◆ **Work to complete**:
Where does the word "settings" occur in the entries below? Copy every line that has it.

◆ **Data provided**:

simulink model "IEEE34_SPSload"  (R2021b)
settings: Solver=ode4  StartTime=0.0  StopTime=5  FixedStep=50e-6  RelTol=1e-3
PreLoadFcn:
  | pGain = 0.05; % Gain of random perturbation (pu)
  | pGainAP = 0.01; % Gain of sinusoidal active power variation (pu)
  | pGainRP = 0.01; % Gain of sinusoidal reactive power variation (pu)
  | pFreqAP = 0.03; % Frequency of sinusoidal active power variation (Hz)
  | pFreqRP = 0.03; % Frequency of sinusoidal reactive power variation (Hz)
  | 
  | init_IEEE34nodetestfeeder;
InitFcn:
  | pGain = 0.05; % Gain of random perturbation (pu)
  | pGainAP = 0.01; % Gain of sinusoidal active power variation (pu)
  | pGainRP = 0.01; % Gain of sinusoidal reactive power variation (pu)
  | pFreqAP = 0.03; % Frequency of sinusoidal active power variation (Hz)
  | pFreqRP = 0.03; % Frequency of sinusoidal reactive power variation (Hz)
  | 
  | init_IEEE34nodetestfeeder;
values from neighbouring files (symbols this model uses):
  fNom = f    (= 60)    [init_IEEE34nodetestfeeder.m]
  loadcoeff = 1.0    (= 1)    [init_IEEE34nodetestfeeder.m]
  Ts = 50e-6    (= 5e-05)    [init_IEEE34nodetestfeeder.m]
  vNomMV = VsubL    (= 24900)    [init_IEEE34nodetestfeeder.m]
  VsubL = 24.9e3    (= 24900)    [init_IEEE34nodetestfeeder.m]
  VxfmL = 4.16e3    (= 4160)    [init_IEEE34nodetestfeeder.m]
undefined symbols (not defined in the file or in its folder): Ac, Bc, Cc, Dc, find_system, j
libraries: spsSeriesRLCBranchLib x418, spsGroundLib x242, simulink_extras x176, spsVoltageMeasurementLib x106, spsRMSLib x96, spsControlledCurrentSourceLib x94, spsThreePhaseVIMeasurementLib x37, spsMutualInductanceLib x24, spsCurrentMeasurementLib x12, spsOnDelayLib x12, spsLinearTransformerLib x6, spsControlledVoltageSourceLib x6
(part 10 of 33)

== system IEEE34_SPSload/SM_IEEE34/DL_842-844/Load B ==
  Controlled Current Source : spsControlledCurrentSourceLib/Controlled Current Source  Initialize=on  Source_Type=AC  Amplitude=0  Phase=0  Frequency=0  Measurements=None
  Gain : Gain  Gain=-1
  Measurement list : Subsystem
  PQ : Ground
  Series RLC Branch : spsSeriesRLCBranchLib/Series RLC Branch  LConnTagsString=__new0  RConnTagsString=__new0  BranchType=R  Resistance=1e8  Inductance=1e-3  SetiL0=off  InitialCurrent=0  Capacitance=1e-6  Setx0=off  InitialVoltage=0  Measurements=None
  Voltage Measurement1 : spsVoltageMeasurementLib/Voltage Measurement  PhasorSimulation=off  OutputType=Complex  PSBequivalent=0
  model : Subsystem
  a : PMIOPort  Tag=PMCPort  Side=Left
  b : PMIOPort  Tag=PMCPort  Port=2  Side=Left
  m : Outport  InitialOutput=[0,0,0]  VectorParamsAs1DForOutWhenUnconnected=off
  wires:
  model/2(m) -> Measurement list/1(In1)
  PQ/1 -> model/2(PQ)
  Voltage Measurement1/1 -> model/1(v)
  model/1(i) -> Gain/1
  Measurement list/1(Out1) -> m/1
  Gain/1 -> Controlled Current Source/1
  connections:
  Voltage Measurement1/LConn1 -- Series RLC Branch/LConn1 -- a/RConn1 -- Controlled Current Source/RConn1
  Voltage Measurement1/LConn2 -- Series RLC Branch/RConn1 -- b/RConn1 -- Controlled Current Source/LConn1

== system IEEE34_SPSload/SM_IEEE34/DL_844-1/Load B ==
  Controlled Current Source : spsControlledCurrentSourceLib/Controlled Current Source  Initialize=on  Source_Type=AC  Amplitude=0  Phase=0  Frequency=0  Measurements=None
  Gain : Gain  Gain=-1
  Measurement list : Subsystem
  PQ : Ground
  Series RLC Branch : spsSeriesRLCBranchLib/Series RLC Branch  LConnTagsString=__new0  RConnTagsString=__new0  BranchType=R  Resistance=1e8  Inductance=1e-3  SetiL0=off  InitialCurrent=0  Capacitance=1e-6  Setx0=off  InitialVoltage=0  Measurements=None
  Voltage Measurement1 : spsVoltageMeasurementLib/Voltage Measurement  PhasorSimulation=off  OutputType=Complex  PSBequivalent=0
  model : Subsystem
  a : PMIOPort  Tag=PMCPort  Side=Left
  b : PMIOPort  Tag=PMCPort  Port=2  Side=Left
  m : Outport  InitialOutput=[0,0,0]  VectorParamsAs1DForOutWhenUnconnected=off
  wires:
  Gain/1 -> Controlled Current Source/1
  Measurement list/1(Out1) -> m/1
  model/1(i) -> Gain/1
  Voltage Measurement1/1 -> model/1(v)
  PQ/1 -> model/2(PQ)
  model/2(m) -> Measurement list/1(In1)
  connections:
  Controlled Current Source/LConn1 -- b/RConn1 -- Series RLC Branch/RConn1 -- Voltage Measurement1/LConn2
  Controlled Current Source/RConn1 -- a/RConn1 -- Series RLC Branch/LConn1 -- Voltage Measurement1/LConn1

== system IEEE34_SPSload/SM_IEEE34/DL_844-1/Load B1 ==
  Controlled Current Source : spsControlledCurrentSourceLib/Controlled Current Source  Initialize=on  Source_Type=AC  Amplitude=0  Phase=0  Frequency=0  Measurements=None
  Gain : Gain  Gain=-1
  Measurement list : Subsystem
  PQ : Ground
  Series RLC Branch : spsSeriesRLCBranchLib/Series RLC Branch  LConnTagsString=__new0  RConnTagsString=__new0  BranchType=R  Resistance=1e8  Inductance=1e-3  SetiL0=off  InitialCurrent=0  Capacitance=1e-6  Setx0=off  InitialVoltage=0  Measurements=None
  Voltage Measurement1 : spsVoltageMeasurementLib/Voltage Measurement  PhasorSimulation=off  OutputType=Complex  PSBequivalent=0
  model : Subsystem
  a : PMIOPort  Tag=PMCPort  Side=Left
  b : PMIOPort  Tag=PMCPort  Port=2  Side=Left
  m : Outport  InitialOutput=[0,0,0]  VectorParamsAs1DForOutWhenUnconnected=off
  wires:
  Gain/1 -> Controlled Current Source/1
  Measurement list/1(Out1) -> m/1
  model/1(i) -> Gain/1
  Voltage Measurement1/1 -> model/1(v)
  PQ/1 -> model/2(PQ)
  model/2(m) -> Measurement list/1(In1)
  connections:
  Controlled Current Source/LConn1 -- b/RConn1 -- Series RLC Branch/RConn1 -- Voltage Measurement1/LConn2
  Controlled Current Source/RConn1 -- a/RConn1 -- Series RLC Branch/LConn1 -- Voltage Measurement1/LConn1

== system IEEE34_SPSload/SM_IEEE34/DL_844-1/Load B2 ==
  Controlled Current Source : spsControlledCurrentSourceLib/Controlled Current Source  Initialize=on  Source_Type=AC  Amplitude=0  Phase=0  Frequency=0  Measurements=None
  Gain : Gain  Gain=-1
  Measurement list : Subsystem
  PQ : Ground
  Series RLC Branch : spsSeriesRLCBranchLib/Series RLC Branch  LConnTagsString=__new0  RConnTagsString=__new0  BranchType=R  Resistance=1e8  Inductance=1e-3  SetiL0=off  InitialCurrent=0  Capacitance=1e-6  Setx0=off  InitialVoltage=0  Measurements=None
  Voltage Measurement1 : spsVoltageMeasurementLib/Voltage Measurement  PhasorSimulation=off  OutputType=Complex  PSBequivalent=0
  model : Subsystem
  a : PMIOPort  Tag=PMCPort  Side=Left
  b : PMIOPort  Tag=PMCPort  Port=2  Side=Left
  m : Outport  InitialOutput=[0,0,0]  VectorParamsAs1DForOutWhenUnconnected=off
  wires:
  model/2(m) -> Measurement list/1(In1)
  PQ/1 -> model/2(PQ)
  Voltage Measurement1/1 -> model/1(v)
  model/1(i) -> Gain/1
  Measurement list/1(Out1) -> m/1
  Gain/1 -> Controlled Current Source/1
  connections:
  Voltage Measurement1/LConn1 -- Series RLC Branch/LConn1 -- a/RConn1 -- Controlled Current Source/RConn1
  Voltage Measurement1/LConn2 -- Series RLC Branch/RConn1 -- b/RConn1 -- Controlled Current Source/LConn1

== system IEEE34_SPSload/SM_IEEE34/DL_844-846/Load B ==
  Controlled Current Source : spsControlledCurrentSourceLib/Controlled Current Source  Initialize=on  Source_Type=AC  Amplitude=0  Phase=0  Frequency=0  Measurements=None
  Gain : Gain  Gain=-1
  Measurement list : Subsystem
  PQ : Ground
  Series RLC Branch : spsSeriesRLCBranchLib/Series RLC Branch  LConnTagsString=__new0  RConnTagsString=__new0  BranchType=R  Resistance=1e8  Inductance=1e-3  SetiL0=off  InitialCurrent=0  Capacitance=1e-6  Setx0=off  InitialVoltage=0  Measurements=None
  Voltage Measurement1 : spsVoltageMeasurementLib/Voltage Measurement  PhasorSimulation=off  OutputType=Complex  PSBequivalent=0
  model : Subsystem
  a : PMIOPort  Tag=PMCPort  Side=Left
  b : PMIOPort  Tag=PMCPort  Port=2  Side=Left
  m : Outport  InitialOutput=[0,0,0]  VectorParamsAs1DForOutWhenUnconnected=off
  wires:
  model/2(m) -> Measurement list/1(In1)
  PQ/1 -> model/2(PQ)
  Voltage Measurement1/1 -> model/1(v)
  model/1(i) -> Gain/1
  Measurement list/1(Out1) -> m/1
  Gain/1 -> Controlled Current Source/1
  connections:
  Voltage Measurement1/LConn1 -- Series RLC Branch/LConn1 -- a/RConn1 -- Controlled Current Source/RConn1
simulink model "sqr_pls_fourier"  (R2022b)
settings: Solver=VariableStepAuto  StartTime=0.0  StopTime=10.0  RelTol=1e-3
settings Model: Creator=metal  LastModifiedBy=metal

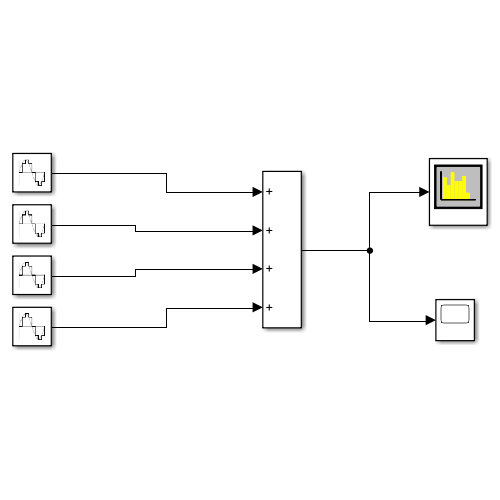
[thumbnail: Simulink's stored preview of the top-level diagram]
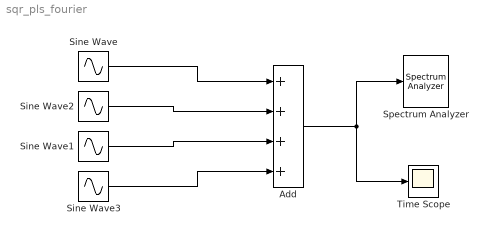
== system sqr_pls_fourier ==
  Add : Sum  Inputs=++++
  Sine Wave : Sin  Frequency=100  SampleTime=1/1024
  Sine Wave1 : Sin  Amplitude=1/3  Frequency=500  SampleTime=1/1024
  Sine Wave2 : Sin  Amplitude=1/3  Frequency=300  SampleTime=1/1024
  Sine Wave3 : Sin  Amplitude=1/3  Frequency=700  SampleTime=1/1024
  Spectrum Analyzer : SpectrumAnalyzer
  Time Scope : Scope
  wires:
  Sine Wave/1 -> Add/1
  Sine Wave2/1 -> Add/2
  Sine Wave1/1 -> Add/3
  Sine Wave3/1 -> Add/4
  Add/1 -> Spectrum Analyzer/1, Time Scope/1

◆ **Answer**:
settings: Solver=ode4  StartTime=0.0  StopTime=5  FixedStep=50e-6  RelTol=1e-3
settings: Solver=VariableStepAuto  StartTime=0.0  StopTime=10.0  RelTol=1e-3
settings Model: Creator=metal  LastModifiedBy=metal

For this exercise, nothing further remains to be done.